# My R34 GTT to GTR replica



## ben_harmer32 (Feb 16, 2012)

Been a member on here for a while but not owning an actual GTR i haven't been that active. As I've seen a few other GTT pop up i thought i'd do mine since it is going to be a GTR replica (would love a real one but £££££)

Back in January i purchased an R34 GTT, but it had a blown engine. 

Pictures attached are how it looked. I was not a fan of the bonnet, front wings or skirts. uke:

I purchased a replacement low mileage engine from The GTR Shop showing good compression. I had the following carried out just to be safe:

Refrsh:
- Water pump
- cam belt
- Aux belts
- spark plugs
- oil and filter change
- All gaskets changed
- Polished crank, new bearings and N1 sleeve
- N1 oil pump
- Components sandblasted and block painted

I also purchased the following body work:
- R34 GTT to GTR Z-tune body kit (bumper, wings, skirts, rear bumper, GTR style rear quarters, light pods)
- standard GTT bonnet
- Full underseal
- Full windows out paint job in original colour


----------



## ben_harmer32 (Feb 16, 2012)

Whilst the engine was out i had the bay fully painted to match the rest of the car rather than the usual matt look. I also had the car fully under-sealed.


----------



## ben_harmer32 (Feb 16, 2012)

I got an R34 GTR spoiler with carbon wing to finish of the outside look:


----------



## ben_harmer32 (Feb 16, 2012)

In March the engine was run in on a rolling road ready to go to the paint shop:


----------



## ben_harmer32 (Feb 16, 2012)

And that's when the fun began. 

The body kit was a terrible fit! every part had to be cut and re-shaped. The bumper was supposed to be a GTT version (lower top part so bonnet fits) but was sent a GTR one.
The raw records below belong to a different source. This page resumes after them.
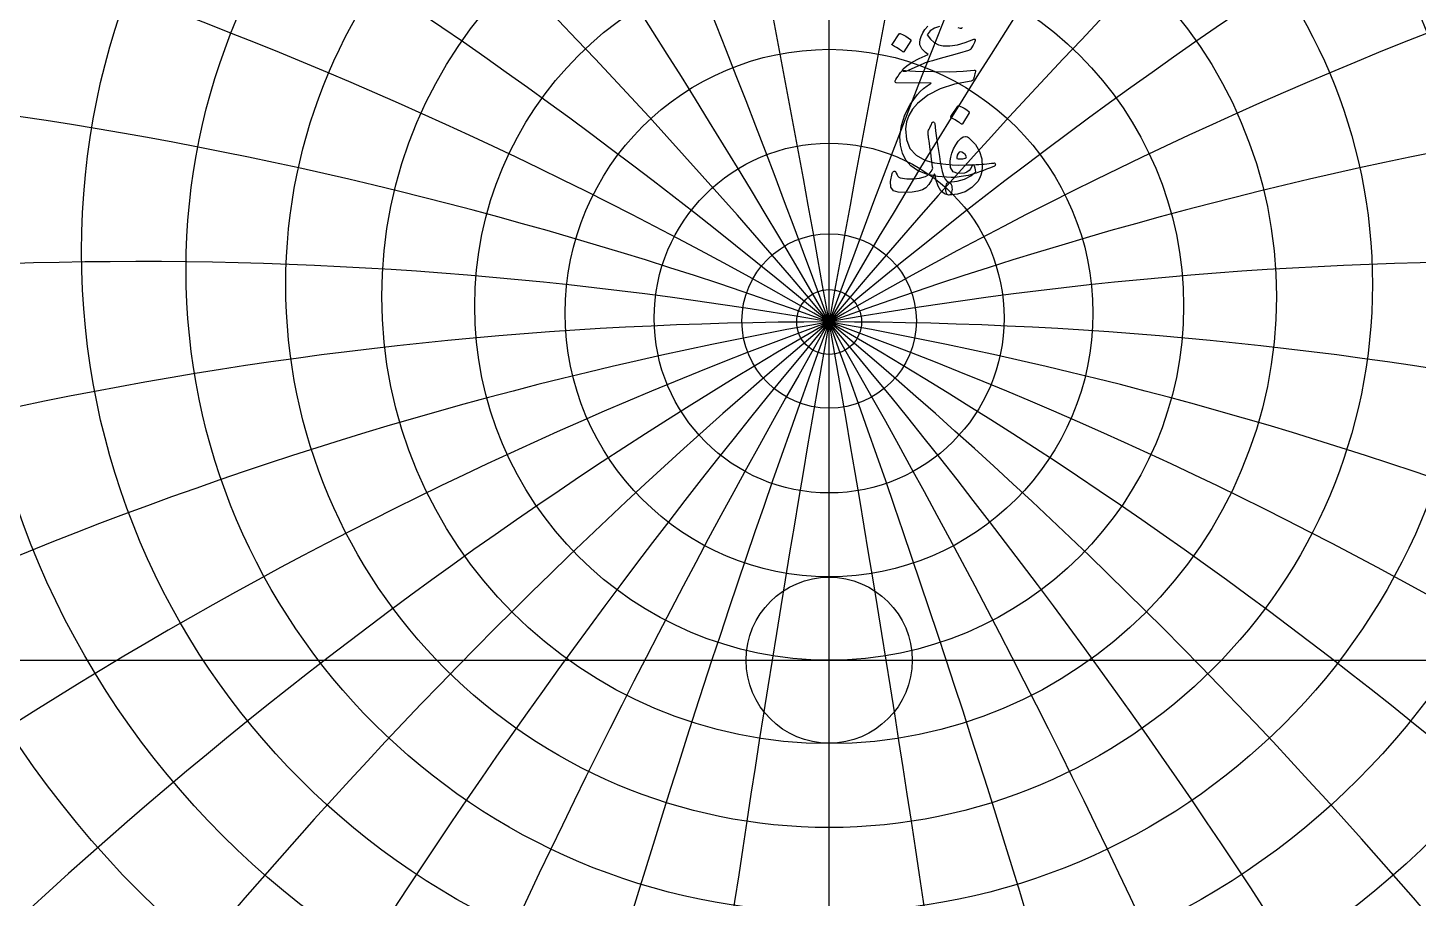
# Model space of a CAD drawing. Header units: millimetres. Extents: x -62 to 62, y -62 to 63.
# Drawn here: x -20.01 to 14.71, y -5.95 to 15.8 of the extents above; entities that cross this region are included whole.
import ezdxf

# ---------------------------------------------------------------- set-up
doc = ezdxf.new("R2010")
doc.units = ezdxf.units.MM
for name, color, linetype in [('CUT_INNER', 6, 'Continuous'), ('ENGRAVE', 7, 'Continuous'), ('ENGRAVE_FINE', 8, 'Continuous'), ('TEXT', 5, 'Continuous')]:
    doc.layers.add(name, color=color, linetype=linetype)

msp = doc.modelspace()

# ---------------------------------------------------------------- linework, layer by layer
at = {"layer": 'CUT_INNER'}
msp.add_circle((0, 0), 2.075, dxfattribs=at)
at = {"layer": 'ENGRAVE'}
for points in [[(0, -60.75), (0, 60.75)], [(-60.75, 0), (60.75, 0)]]:
    msp.add_lwpolyline(points, dxfattribs=at)
for centre, radius in [((0, 0), 60.75), ((0, 15.8873), 38.8464), ((0, 14.4227), 34.6846), ((0, 13.2299), 30.935), ((0, 0), 39.7663), ((0, 12.2507), 27.5156), ((0, 11.4424), 24.3633), ((0, 10.7734), 21.4287), ((0, 10.2197), 18.6723), ((0, 0), 26.0306), ((0, 9.7631), 16.0615), ((0, 9.3897), 13.5693), ((0, 9.0889), 11.173), ((0, 8.8526), 8.8526), ((0, 8.6745), 6.5904), ((0, 8.5502), 4.3706), ((0, 8.4769), 2.1785), ((0, 8.4526), 0.81)]:
    msp.add_circle(centre, radius, dxfattribs=at)
for centre, radius, start, end in [((0, 17.7051), 43.5296, 105.92162, 74.07838), ((-4.9355, 18.4195), 44.1021, 139.75485, 270.86153), ((4.9355, 18.4195), 44.1021, 269.13847, 40.24515), ((-10.9491, 18.9644), 45.3971, 174.65682, 279.54217), ((10.9491, 18.9644), 45.3971, 260.45783, 5.34318), ((0, -89.3166), 97.7692, 66, 114), ((0, -89.3166), 97.7692, 66, 114)]:
    msp.add_arc(centre, radius, start, end, dxfattribs=at)
at = {"layer": 'ENGRAVE_FINE'}
for centre, radius, start, end in [((-554.4766, -89.3166), 563.0302, 6.503619, 15.341957), ((-554.4766, -89.3166), 563.0302, 6.503619, 15.341957), ((554.4766, -89.3166), 563.0302, 164.658043, 173.496381), ((554.4766, -89.3166), 563.0302, 164.658043, 173.496381), ((-268.6186, -89.3166), 285.8579, 13.064756, 30.381405), ((-268.6186, -89.3166), 285.8579, 13.064756, 30.381405), ((268.6186, -89.3166), 285.8579, 149.618595, 166.935244), ((268.6186, -89.3166), 285.8579, 149.618595, 166.935244), ((-169.3412, -89.3166), 195.5384, 19.742202, 44.842633), ((-169.3412, -89.3166), 195.5384, 19.742202, 44.842633), ((169.3412, -89.3166), 195.5384, 135.157367, 160.257798), ((169.3412, -89.3166), 195.5384, 135.157367, 160.257798), ((-116.5168, -89.3166), 152.1018, 26.597292, 58.53821), ((-116.5168, -89.3166), 152.1018, 26.597292, 58.53821), ((116.5168, -89.3166), 152.1018, 121.46179, 153.402708), ((116.5168, -89.3166), 152.1018, 121.46179, 153.402708), ((-82.0381, -89.3166), 127.6286, 33.695116, 71.360537), ((-82.0381, -89.3166), 127.6286, 33.695116, 71.360537), ((82.0381, -89.3166), 127.6286, 108.639463, 146.304884), ((82.0381, -89.3166), 127.6286, 108.639463, 146.304884), ((-56.4471, -89.3166), 112.8941, 41.105625, 83.276844), ((-56.4471, -89.3166), 112.8941, 41.105625, 83.276844), ((56.4471, -89.3166), 112.8941, 96.723156, 138.894375), ((56.4471, -89.3166), 112.8941, 96.723156, 138.894375), ((-35.5851, -89.3166), 104.0438, 48.904494, 94.311228), ((-35.5851, -89.3166), 104.0438, 48.904494, 94.311228), ((35.5851, -89.3166), 104.0438, 85.688772, 131.095506), ((35.5851, -89.3166), 104.0438, 85.688772, 131.095506), ((-17.2393, -89.3166), 99.2774, 57.173494, 104.525), ((-17.2393, -89.3166), 99.2774, 57.173494, 104.525), ((17.2393, -89.3166), 99.2774, 75.475, 122.826506), ((17.2393, -89.3166), 99.2774, 75.475, 122.826506)]:
    msp.add_arc(centre, radius, start, end, dxfattribs=at)
at = {"layer": 'TEXT'}
for points in [[(1.7497, 15.6517), (1.7542, 15.6562), (1.7604, 15.6589), (1.7685, 15.6598), (1.7784, 15.6589), (1.8482, 15.6306), (1.914, 15.596), (1.9758, 15.5551), (2.0335, 15.508), (2.0391, 15.5008), (2.0416, 15.4936), (2.0409, 15.4864), (2.0371, 15.4792), (1.8682, 15.2062), (1.8619, 15.1997), (1.8539, 15.1981), (1.844, 15.2015), (1.8323, 15.2098), (1.8222, 15.217), (1.8063, 15.2277), (1.7845, 15.2421), (1.7569, 15.2601), (1.7229, 15.2816), (1.6823, 15.3068), (1.6349, 15.3355), (1.5808, 15.3678), (1.5736, 15.3732), (1.57, 15.3786), (1.57, 15.384), (1.5736, 15.3894)], [(2.1538, 14.7232), (2.6148, 14.707), (3.0134, 14.7053), (3.3496, 14.7178), (3.6233, 14.7448), (3.6317, 14.7458), (3.639, 14.7452), (3.6452, 14.7431), (3.6502, 14.7394), (3.6539, 14.7343), (3.6561, 14.7282), (3.6566, 14.7209), (3.6556, 14.7124), (3.6485, 14.6797), (3.6417, 14.6496), (3.6351, 14.6222), (3.6287, 14.5975), (3.6225, 14.5755), (3.6165, 14.5562), (3.6108, 14.5395), (3.6053, 14.5256), (3.5936, 14.5034), (3.5802, 14.487), (3.5649, 14.4764), (3.5478, 14.4717), (3.1329, 14.3965), (2.7718, 14.2786), (2.4646, 14.1181), (2.2113, 13.9148), (2.0833, 13.7687), (1.9904, 13.614), (1.9324, 13.4507), (1.9095, 13.2789), (1.9315, 13.0093), (2.0191, 12.7894), (2.1723, 12.6194), (2.391, 12.4993), (2.5044, 12.4629), (2.629, 12.4328), (2.7648, 12.409), (2.9119, 12.3915), (3.07, 12.3801), (3.2389, 12.3745), (3.4185, 12.3747), (3.6089, 12.3807), (3.6766, 12.3846), (3.7432, 12.3888), (3.8086, 12.3935), (3.873, 12.3987), (3.9357, 12.4043), (3.9965, 12.4104), (4.0552, 12.4169), (4.1119, 12.4239), (4.1292, 12.4248), (4.1415, 12.4203), (4.1489, 12.4104), (4.1514, 12.3951), (4.1501, 12.3774), (4.146, 12.3637), (4.1393, 12.354), (4.1299, 12.3484), (4.0284, 12.3055), (3.9323, 12.2667), (3.8415, 12.2319), (3.7562, 12.2011), (3.6765, 12.1742), (3.6026, 12.1508), (3.5346, 12.1311), (3.4724, 12.1149), (3.4139, 12.103), (3.357, 12.0924), (3.3016, 12.0832), (3.2478, 12.0754), (3.1954, 12.0693), (3.1441, 12.0655), (3.0939, 12.0639), (3.0448, 12.0646), (2.7098, 12.0906), (2.4305, 12.1472), (2.2068, 12.2343), (2.0389, 12.352), (1.9156, 12.4991), (1.8296, 12.6709), (1.7809, 12.8673), (1.7694, 13.0885), (1.8047, 13.3629), (1.8889, 13.6292), (2.022, 13.8875), (2.2041, 14.1376), (2.2753, 14.2133), (2.3559, 14.2858), (2.446, 14.3552), (2.5455, 14.4214), (1.676, 14.4286), (1.6551, 14.4376), (1.6464, 14.4538), (1.6497, 14.4771), (1.6652, 14.5077), (1.6944, 14.5521), (1.7209, 14.5921), (1.7447, 14.6276), (1.7658, 14.6585), (1.7842, 14.6848), (1.8, 14.7061), (1.813, 14.7225), (1.8233, 14.734), (1.8467, 14.736), (1.9095, 14.7349), (2.0119, 14.7306), (2.1538, 14.7232)], [(3.2119, 13.8481), (3.2164, 13.8526), (3.2227, 13.8553), (3.2308, 13.8562), (3.2407, 13.8553), (3.3105, 13.827), (3.3763, 13.7924), (3.438, 13.7515), (3.4957, 13.7044), (3.5014, 13.6972), (3.5038, 13.69), (3.5031, 13.6828), (3.4993, 13.6756), (3.3305, 13.4026), (3.3242, 13.3961), (3.3161, 13.3945), (3.3062, 13.3979), (3.2945, 13.4062), (3.2844, 13.4134), (3.2685, 13.4242), (3.2467, 13.4385), (3.2191, 13.4565), (3.1852, 13.478), (3.1445, 13.5032), (3.0972, 13.5319), (3.0431, 13.5643), (3.0359, 13.5697), (3.0323, 13.5751), (3.0323, 13.5804), (3.0359, 13.5858)], [(2.9892, 11.9439), (3.0152, 11.9314), (3.0359, 11.9116), (3.0511, 11.8847), (3.061, 11.8505), (3.0675, 11.8083), (3.0691, 11.7679), (3.0657, 11.7293), (3.0574, 11.6925), (3.0451, 11.661), (3.0296, 11.6386), (3.0109, 11.6251), (2.9892, 11.6206), (2.8816, 11.6505), (2.7925, 11.7257), (2.7217, 11.8463), (2.6694, 12.0122), (2.6627, 12.0408), (2.6568, 12.0657), (2.6519, 12.0866), (2.6479, 12.1038), (2.6447, 12.1172), (2.6425, 12.1267), (2.6411, 12.1325), (2.6407, 12.1344), (2.6353, 12.1449), (2.6299, 12.1478), (2.6245, 12.1431), (2.6191, 12.1308), (2.558, 11.9929), (2.4898, 11.8847), (2.4143, 11.8061), (2.3317, 11.7571), (2.2118, 11.7194), (2.0712, 11.696), (1.91, 11.6871), (1.7281, 11.6925), (1.6066, 11.73), (1.5404, 11.8209), (1.5294, 11.9653), (1.5736, 12.1631), (1.5837, 12.1869), (1.5961, 12.2044), (1.6107, 12.2156), (1.6275, 12.2206), (1.6441, 12.219), (1.6581, 12.2107), (1.6693, 12.1957), (1.6778, 12.1739), (1.696, 12.1274), (1.7182, 12.0921), (1.7445, 12.0681), (1.7748, 12.0553), (1.9448, 12.0293), (2.1062, 12.0266), (2.2592, 12.0472), (2.4035, 12.0912), (2.4662, 12.124), (2.5176, 12.1685), (2.5578, 12.2246), (2.5868, 12.2924), (2.585, 12.3246), (2.576, 12.3993), (2.5598, 12.5168), (2.5365, 12.6769), (2.5246, 12.7625), (2.514, 12.8399), (2.5048, 12.9089), (2.497, 12.9697), (2.4902, 13.0217), (2.4844, 13.0644), (2.4794, 13.098), (2.4754, 13.1224), (2.472, 13.1596), (2.4727, 13.1924), (2.4774, 13.2207), (2.4862, 13.2445), (2.5001, 13.274), (2.5131, 13.3016), (2.5252, 13.327), (2.5365, 13.3505), (2.5466, 13.3719), (2.5553, 13.3914), (2.5627, 13.4088), (2.5688, 13.4242), (2.5751, 13.4365), (2.5832, 13.4448), (2.5931, 13.4491), (2.6047, 13.4493), (2.6175, 13.4444), (2.6272, 13.4367), (2.6337, 13.4264), (2.6371, 13.4134), (2.659, 13.2296), (2.6815, 13.0555), (2.7048, 12.891), (2.7287, 12.7361), (2.7531, 12.591), (2.7776, 12.4555), (2.8025, 12.3296), (2.8275, 12.2134), (2.8578, 12.1049), (2.8949, 12.0239), (2.9386, 11.9702), (2.9892, 11.9439)], [(3.4023, 13.09), (3.427, 13.0864), (3.4544, 13.0757), (3.4845, 13.0577), (3.5173, 13.0325), (3.6576, 12.883), (3.7553, 12.7146), (3.8103, 12.5273), (3.8227, 12.3212), (3.8117, 12.2139), (3.7894, 12.1182), (3.756, 12.0342), (3.7113, 11.9619), (3.5665, 11.8126), (3.3978, 11.7059), (3.2054, 11.6419), (2.9892, 11.6206), (2.9674, 11.6258), (2.9487, 11.6413), (2.9332, 11.6671), (2.9209, 11.7032), (2.9163, 11.7232), (2.9133, 11.7437), (2.9118, 11.7645), (2.9119, 11.7859), (2.9132, 11.807), (2.9151, 11.8272), (2.9176, 11.8465), (2.9209, 11.8649), (2.9306, 11.8968), (2.9452, 11.9206), (2.9647, 11.9363), (2.9892, 11.9439), (3.1998, 11.9722), (3.3826, 12.0248), (3.5375, 12.1016), (3.6646, 12.2026), (3.6585, 12.2531), (3.6511, 12.2933), (3.6424, 12.3232), (3.6323, 12.3427), (3.6201, 12.3596), (3.6089, 12.3706), (3.5986, 12.3757), (3.5891, 12.3751), (3.5826, 12.3728), (3.5775, 12.3697), (3.5737, 12.3656), (3.5712, 12.3607), (3.5366, 12.2897), (3.4939, 12.235), (3.4432, 12.1963), (3.3844, 12.1739), (3.2135, 12.1606), (3.096, 12.2071), (3.032, 12.3133), (3.0215, 12.4793), (3.0359, 12.5745), (3.0646, 12.6733), (3.1077, 12.7757), (3.1652, 12.8817), (3.2258, 12.9728), (3.2856, 13.0379), (3.3444, 13.077), (3.4023, 13.09)], [(3.2838, 12.702), (3.2481, 12.6919), (3.22, 12.6652), (3.1996, 12.6219), (3.1868, 12.5619), (3.187, 12.5525), (3.1877, 12.5457), (3.1888, 12.5417), (3.1904, 12.5403), (3.2265, 12.5316), (3.2631, 12.5269), (3.3002, 12.5262), (3.3377, 12.5296), (3.3707, 12.5365), (3.3978, 12.5466), (3.4192, 12.5599), (3.4347, 12.5763), (3.3942, 12.634), (3.3556, 12.6742), (3.3188, 12.6969), (3.2838, 12.702)]]:
    msp.add_lwpolyline(points, close=True, dxfattribs=at)
for points in [[(2.7608, 15.8367), (2.6308, 15.793), (2.5255, 15.7236), (2.4449, 15.6286), (2.5306, 15.5156), (2.6263, 15.4319), (2.7318, 15.3773), (2.8472, 15.3519), (3.019, 15.3501), (3.2038, 15.3771), (3.4017, 15.4328), (3.6125, 15.5172), (3.6213, 15.5195), (3.6296, 15.519), (3.6374, 15.5159), (3.6448, 15.51), (3.6448, 15.51), (3.6478, 15.4847), (3.6314, 15.4373), (3.5957, 15.3679), (3.5406, 15.2765), (3.529, 15.2617), (3.5155, 15.2496), (3.5002, 15.2401), (3.4832, 15.2334), (3.2532, 15.1701), (3.0484, 15.113), (2.8688, 15.0623), (2.7143, 15.0178), (2.585, 14.9799), (2.4808, 14.9487), (2.4017, 14.9242), (2.3479, 14.9064), (1.9131, 14.7124), (1.8826, 14.7102), (1.8592, 14.7142), (1.8431, 14.7246), (1.8341, 14.7412), (1.8339, 14.7472), (1.8368, 14.7547), (1.8429, 14.7634), (1.8521, 14.7735), (1.9405, 14.8566), (2.073, 14.9442), (2.2495, 15.0362), (2.47, 15.1328), (2.4101, 15.184), (2.3595, 15.2334), (2.3184, 15.281), (2.2868, 15.3268), (2.2672, 15.3769), (2.2625, 15.4373), (2.2726, 15.508), (2.2976, 15.5891), (2.338, 15.6735), (2.3946, 15.7579), (2.4673, 15.8424)], [(3.3215, 15.8069), (3.3179, 15.7974), (3.31, 15.7887), (3.3008, 15.784), (3.2903, 15.7833), (3.2784, 15.7867), (3.2255, 15.8035)]]:
    msp.add_lwpolyline(points, dxfattribs=at)

doc.saveas('drawing.dxf')

So i made the decision to have the GTT bonnet i had cut and welded to look like a GTR bonnet. (picture is early stages it was all sanded back and made to fit straight, please also note the bonnet is open in the pic) I am sure I'll buy a carbon bonnet in the near future anyway.


----------



## ben_harmer32 (Feb 16, 2012)

Progress on the car was very slow, i won't go into details on here but finally about half way through July the car was painted ready for everything to be bolted back together (doors, bonnet, bumpers, mirrors, handles etc were all removed for paint this is part way through re-assembly):


----------



## ben_harmer32 (Feb 16, 2012)

Then after another 2 weeks and now into August, with no progress on the car, with no commitment as to when it would be done, i made the decision to have it removed from the paint shop and returned to the garage.

It was in a bit of a sorry state, but in my mind it had to be done.

Also my wife passed her driving test and had taken owner-ship of my daily so i am now car-less.

The garage checked it over and gave me a list of items to be sorted

1. Coolant needs to be checked and re-bled.
2. Power steering needs to be fully checked.
3. Idle control as it***8217;s idling at 2000 rpm (possible air leak).
4. Refit the passenger door card and assess issue with electric windows (working when it left garage).
5. Use Consult and check all live data on the car make sure everything is working as it should be.
6. Refit the door trims and rubber surrounds around the doors.
7. Clean and refit the boot trims.
8. Refit the front and rear wipers and front wiper scuttle panel.
9. Refit number plates.
10. Refit the washer jets and washer lines on bonnet.
11. Refit petrol cap. (still with painter being painted)
12. The car needs to be checked over for any other issues since leaving us and going for the body kit and painting


----------



## ben_harmer32 (Feb 16, 2012)

And that brings it up to date. Pics of how it is now looking from Friday. Couple of bits to re-fit. Full detail is going to be done to bring it back to spotless. Hoping it'll be finished for me to collect this week.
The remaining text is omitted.